[Exercise instructions]
Could you set down exactly the lines in the records below between the line holding "#101=CIRCLE('',#100,89.2);" and the line holding "#113=FACE_BOUND('',#112,.T.);", inclusive?

Stored records

***

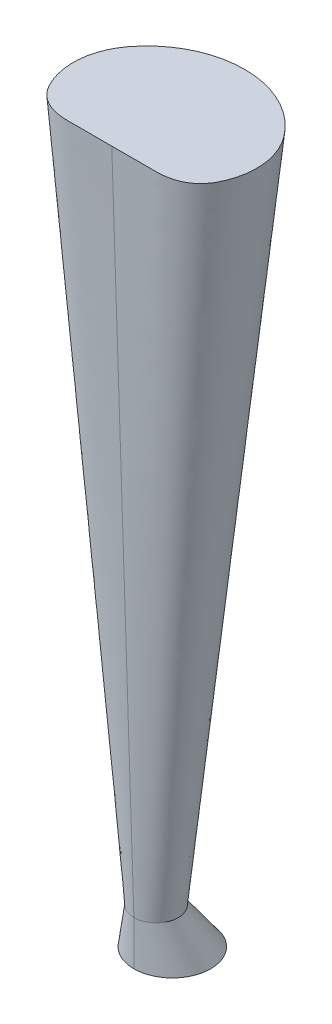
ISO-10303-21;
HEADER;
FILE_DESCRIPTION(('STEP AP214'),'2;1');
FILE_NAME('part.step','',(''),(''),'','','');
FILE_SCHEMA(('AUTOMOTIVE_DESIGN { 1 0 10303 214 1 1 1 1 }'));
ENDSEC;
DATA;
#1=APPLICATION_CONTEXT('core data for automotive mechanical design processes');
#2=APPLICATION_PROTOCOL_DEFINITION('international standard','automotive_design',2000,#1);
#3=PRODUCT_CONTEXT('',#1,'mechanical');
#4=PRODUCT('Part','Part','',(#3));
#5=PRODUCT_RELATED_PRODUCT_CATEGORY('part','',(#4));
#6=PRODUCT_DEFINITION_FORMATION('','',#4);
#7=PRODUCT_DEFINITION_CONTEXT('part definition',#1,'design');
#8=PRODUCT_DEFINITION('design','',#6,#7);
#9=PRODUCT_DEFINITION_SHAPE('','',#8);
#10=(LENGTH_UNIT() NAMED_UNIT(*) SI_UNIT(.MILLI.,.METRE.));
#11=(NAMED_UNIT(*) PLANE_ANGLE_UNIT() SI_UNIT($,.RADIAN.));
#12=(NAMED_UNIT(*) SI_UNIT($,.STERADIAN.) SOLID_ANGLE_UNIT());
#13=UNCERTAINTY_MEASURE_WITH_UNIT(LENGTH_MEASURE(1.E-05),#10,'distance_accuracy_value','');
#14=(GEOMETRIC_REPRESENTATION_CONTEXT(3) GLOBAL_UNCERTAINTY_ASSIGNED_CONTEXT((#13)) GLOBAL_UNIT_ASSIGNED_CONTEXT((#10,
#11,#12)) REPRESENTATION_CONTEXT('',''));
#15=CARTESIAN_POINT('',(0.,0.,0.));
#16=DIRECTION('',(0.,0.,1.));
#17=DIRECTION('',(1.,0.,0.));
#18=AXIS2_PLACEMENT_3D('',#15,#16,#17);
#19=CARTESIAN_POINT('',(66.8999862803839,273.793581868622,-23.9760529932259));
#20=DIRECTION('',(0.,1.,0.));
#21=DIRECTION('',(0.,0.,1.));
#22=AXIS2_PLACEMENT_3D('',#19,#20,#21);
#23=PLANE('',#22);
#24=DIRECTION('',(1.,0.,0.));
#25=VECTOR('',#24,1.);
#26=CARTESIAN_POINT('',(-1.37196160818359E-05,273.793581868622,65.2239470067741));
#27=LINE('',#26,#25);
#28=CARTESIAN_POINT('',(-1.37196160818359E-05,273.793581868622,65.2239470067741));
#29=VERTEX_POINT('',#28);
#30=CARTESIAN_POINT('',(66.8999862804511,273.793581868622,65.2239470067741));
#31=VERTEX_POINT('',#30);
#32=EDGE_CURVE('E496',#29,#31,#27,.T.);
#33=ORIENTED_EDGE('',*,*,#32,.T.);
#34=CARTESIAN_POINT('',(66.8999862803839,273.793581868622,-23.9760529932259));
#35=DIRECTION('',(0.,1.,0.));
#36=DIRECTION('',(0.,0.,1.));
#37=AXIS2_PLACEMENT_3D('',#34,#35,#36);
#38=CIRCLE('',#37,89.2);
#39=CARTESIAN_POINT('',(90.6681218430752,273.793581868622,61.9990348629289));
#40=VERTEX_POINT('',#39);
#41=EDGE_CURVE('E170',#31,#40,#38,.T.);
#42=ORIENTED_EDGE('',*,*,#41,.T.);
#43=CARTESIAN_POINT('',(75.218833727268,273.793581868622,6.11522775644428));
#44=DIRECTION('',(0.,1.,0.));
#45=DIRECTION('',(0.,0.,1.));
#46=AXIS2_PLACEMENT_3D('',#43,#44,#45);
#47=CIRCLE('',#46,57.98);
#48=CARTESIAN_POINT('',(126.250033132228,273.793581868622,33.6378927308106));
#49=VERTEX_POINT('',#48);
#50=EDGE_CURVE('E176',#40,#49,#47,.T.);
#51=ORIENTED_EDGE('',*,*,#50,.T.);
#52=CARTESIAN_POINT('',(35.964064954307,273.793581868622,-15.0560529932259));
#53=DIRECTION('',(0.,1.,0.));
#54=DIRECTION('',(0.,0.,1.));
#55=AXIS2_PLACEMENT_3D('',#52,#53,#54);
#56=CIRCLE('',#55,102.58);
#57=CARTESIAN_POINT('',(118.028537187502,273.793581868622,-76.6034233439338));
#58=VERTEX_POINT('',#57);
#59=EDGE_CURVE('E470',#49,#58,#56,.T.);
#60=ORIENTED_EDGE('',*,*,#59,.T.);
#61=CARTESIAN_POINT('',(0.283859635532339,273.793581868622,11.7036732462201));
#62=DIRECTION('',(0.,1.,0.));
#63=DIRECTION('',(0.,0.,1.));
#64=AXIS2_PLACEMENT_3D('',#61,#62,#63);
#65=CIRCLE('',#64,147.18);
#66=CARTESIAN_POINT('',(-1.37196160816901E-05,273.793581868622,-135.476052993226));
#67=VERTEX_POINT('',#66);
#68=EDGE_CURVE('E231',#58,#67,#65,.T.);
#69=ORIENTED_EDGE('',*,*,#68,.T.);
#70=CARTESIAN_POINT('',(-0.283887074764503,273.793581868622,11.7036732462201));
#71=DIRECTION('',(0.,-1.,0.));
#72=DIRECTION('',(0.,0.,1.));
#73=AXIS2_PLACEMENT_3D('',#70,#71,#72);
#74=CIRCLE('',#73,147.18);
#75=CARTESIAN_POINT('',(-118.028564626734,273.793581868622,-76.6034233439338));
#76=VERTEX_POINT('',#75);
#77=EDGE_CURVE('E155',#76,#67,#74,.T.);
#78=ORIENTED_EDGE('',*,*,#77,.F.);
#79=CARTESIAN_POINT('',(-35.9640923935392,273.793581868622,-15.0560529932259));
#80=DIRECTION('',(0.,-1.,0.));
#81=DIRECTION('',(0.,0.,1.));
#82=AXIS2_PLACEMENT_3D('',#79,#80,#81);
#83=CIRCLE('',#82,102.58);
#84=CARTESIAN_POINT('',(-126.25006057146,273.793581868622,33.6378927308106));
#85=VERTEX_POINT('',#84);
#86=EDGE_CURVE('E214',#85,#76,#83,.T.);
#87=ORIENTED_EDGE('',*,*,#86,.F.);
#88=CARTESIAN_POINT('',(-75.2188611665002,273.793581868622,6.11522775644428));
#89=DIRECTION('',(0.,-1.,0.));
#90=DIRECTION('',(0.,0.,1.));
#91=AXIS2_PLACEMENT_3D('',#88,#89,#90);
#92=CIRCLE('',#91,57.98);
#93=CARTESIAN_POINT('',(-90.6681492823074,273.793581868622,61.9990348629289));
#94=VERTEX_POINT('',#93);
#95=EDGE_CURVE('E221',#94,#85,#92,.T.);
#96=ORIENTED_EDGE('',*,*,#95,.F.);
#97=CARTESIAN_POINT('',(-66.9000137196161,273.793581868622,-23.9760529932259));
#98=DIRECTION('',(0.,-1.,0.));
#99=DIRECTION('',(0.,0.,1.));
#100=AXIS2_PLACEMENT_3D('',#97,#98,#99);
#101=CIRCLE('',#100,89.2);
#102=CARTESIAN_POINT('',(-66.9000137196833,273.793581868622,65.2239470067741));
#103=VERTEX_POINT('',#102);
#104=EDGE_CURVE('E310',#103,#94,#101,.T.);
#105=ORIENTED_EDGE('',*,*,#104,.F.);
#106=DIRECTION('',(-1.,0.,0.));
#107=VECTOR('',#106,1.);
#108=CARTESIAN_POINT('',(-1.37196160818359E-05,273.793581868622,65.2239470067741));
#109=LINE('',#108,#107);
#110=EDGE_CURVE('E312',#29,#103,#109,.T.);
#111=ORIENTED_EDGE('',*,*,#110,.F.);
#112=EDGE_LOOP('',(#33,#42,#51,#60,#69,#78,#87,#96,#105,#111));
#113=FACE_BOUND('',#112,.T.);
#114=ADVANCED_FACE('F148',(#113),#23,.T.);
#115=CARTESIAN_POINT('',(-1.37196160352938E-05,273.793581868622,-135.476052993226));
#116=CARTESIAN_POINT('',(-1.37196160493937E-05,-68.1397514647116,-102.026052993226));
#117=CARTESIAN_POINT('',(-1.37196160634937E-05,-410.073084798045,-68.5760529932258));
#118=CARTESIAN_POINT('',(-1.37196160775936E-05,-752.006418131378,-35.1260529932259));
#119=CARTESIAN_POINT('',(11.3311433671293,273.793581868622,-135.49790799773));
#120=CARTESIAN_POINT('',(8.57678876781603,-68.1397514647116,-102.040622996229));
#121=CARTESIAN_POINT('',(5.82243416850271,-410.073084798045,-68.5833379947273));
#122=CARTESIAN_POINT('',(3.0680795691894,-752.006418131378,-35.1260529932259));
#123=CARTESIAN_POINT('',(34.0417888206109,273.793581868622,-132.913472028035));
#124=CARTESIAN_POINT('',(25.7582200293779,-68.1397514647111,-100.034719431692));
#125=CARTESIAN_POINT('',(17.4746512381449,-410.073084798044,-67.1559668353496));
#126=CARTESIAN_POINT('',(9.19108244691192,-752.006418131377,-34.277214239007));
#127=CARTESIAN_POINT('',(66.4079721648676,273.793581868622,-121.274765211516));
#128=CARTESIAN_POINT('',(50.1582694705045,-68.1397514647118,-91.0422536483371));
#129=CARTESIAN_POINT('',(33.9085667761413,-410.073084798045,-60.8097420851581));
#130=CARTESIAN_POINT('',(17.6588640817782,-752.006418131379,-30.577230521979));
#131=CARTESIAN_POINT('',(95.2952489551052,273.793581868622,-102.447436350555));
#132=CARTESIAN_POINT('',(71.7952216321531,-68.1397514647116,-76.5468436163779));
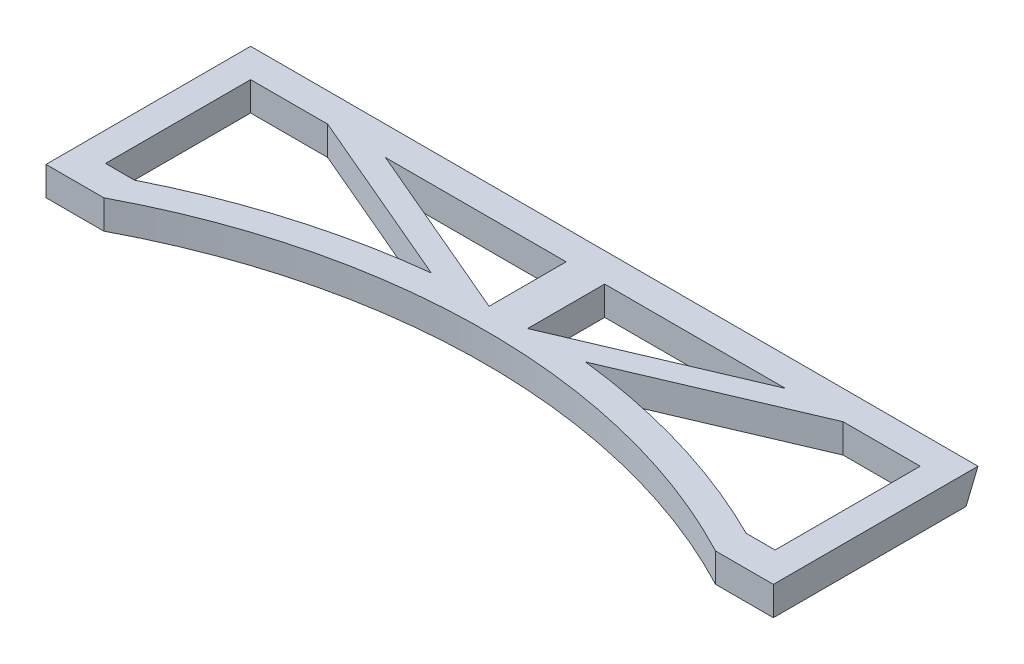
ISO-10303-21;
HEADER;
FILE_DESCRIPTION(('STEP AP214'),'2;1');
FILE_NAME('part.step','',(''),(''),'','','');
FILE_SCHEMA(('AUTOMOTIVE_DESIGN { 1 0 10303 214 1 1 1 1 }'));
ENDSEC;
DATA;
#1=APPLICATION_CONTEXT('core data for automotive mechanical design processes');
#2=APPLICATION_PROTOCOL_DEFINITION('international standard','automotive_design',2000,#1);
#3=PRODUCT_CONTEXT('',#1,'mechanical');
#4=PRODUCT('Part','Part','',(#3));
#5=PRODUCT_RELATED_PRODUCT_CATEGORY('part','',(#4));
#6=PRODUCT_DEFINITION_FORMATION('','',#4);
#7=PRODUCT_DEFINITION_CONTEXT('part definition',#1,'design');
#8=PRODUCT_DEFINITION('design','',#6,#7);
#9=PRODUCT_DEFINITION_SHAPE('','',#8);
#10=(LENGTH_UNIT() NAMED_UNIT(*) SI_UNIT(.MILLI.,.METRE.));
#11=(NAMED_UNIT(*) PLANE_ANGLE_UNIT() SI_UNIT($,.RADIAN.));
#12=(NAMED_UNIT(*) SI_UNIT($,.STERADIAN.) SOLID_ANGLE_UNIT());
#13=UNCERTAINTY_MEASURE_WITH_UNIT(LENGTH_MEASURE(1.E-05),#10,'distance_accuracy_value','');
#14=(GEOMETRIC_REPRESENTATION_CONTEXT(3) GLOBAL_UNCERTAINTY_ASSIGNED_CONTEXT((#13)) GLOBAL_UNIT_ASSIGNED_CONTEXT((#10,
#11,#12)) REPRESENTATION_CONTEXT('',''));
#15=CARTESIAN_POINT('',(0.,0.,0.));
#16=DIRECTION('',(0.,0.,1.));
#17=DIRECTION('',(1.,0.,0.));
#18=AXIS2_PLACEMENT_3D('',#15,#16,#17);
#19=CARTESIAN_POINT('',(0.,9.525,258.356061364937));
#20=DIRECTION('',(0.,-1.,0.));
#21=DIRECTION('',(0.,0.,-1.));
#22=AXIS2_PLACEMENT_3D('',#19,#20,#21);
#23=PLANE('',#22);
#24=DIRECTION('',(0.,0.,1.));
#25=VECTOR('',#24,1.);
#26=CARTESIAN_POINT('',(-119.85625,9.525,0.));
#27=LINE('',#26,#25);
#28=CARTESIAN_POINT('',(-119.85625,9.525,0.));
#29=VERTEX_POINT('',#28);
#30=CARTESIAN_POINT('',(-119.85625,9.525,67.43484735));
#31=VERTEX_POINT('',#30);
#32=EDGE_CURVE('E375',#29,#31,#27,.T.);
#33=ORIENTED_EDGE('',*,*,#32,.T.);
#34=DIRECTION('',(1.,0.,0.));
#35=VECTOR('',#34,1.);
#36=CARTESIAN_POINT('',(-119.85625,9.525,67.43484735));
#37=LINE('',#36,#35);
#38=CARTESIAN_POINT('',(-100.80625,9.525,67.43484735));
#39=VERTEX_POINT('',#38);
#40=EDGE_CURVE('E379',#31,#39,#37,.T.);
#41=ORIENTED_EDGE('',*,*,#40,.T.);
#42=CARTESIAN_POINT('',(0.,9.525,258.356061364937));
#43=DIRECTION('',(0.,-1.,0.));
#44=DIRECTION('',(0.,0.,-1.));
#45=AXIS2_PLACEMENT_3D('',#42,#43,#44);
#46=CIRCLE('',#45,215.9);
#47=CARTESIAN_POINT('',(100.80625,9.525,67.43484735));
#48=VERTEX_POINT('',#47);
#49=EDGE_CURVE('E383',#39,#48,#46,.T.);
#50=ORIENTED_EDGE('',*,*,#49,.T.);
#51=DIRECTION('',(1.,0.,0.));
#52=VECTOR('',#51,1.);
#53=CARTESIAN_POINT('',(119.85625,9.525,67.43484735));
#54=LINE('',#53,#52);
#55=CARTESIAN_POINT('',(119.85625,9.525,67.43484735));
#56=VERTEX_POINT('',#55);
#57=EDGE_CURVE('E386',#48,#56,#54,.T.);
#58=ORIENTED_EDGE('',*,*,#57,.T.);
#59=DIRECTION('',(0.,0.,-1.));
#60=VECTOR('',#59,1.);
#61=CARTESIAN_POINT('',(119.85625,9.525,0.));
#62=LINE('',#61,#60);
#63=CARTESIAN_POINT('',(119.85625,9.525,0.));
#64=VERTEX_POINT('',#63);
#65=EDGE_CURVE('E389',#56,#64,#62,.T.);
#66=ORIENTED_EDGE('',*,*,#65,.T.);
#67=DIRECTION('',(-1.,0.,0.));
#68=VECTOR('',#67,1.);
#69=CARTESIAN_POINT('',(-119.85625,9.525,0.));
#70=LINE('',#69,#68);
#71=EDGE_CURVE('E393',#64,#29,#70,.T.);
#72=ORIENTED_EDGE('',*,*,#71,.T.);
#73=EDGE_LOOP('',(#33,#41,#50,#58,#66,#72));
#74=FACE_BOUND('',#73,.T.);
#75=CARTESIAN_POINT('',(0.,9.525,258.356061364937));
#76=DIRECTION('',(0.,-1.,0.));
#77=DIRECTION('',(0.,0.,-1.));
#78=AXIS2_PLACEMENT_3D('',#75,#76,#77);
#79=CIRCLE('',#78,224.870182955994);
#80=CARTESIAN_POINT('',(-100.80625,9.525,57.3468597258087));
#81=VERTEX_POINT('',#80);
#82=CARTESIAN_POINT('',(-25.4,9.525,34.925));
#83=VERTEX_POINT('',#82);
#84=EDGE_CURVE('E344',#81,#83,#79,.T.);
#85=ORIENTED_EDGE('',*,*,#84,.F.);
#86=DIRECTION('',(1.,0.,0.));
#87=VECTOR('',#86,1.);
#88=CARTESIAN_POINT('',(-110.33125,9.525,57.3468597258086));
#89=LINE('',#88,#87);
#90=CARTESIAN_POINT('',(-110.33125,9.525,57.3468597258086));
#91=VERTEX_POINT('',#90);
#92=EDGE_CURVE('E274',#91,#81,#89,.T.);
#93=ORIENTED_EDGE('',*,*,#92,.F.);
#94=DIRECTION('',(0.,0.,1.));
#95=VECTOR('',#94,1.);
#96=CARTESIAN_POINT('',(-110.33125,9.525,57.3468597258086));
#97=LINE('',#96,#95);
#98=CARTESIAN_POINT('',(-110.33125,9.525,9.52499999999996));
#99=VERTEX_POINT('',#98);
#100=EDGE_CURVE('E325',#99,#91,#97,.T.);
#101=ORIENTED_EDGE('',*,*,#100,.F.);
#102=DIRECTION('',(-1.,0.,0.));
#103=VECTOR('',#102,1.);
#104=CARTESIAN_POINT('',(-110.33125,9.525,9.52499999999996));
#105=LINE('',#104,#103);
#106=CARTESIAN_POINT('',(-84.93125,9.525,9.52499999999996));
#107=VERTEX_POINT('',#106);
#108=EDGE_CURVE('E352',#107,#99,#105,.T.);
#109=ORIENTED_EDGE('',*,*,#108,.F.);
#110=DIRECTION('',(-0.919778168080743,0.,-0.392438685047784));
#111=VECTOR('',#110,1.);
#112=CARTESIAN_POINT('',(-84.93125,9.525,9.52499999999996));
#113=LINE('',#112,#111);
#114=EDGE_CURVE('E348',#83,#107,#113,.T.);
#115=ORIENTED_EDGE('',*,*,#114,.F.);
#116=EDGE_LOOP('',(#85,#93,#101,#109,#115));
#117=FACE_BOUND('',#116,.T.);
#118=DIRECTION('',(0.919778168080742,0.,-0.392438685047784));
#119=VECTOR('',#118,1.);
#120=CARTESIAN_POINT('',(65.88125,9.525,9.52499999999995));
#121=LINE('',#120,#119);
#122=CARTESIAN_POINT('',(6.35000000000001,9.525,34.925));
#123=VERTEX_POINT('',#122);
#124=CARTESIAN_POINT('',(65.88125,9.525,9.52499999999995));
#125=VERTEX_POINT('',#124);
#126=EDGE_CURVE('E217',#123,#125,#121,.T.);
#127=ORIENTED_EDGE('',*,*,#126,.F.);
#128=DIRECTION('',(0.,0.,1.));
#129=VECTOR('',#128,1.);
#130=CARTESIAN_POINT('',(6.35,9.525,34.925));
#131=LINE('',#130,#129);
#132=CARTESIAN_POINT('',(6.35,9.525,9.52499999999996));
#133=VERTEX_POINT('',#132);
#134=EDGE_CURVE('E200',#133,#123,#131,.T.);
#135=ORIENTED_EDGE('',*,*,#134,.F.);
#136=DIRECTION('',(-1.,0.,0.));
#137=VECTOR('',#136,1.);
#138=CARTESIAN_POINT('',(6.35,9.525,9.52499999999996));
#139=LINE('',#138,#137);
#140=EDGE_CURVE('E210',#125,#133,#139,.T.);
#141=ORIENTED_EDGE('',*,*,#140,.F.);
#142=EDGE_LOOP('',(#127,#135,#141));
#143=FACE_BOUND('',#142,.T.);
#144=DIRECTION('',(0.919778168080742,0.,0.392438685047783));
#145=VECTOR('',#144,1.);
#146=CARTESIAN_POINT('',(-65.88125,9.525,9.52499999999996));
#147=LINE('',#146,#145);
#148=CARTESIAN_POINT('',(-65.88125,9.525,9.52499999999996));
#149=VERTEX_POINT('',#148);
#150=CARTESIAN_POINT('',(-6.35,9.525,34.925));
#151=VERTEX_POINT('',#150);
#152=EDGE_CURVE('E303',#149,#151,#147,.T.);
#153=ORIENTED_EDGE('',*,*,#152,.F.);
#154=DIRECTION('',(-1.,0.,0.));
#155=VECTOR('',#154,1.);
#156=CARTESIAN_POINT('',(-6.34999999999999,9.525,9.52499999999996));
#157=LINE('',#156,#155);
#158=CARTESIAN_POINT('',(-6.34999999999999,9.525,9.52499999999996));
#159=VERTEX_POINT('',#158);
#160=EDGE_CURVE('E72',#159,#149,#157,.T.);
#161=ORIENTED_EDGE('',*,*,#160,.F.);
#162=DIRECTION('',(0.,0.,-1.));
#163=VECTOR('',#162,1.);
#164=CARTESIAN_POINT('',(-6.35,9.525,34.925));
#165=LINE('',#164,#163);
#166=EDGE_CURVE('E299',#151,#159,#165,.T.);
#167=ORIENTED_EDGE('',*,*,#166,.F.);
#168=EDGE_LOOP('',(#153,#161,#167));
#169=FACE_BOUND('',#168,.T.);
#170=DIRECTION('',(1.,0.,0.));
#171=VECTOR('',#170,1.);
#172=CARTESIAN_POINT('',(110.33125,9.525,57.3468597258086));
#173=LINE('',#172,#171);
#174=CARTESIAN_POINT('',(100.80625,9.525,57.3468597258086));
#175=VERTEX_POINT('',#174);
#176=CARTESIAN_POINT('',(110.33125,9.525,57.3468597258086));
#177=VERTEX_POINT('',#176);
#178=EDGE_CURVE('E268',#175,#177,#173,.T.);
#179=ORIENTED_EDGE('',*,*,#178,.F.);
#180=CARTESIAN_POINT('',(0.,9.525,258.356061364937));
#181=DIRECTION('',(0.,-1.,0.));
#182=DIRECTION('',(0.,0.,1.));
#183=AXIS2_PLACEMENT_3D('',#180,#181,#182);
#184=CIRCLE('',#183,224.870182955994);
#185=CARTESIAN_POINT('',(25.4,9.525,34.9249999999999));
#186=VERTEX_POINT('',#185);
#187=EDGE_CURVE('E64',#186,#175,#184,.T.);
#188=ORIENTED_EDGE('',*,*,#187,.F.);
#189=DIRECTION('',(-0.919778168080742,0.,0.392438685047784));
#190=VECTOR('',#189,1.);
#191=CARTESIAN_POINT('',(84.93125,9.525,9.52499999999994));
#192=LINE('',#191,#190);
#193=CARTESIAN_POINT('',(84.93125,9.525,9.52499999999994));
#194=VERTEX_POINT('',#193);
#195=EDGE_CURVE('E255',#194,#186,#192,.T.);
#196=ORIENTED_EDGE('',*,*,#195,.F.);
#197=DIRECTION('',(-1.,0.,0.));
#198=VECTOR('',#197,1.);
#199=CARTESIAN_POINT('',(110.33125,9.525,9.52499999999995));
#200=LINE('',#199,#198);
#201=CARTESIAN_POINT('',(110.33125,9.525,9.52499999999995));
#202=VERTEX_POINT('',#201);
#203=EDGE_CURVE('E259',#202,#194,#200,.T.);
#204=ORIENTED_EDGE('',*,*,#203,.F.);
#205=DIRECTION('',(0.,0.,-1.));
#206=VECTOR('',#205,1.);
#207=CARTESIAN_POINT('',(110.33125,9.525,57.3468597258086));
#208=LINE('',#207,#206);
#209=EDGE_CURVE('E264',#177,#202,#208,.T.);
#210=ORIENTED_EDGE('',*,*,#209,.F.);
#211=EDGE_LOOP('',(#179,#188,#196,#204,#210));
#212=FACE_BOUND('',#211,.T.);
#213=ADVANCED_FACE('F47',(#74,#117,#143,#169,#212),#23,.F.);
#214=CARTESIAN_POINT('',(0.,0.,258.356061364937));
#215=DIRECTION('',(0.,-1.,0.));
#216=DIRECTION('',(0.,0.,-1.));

***

[Output below]
#101=CIRCLE('',#100,89.2);
#102=CARTESIAN_POINT('',(-66.9000137196833,273.793581868622,65.2239470067741));
#103=VERTEX_POINT('',#102);
#104=EDGE_CURVE('E310',#103,#94,#101,.T.);
#105=ORIENTED_EDGE('',*,*,#104,.F.);
#106=DIRECTION('',(-1.,0.,0.));
#107=VECTOR('',#106,1.);
#108=CARTESIAN_POINT('',(-1.37196160818359E-05,273.793581868622,65.2239470067741));
#109=LINE('',#108,#107);
#110=EDGE_CURVE('E312',#29,#103,#109,.T.);
#111=ORIENTED_EDGE('',*,*,#110,.F.);
#112=EDGE_LOOP('',(#33,#42,#51,#60,#69,#78,#87,#96,#105,#111));
#113=FACE_BOUND('',#112,.T.);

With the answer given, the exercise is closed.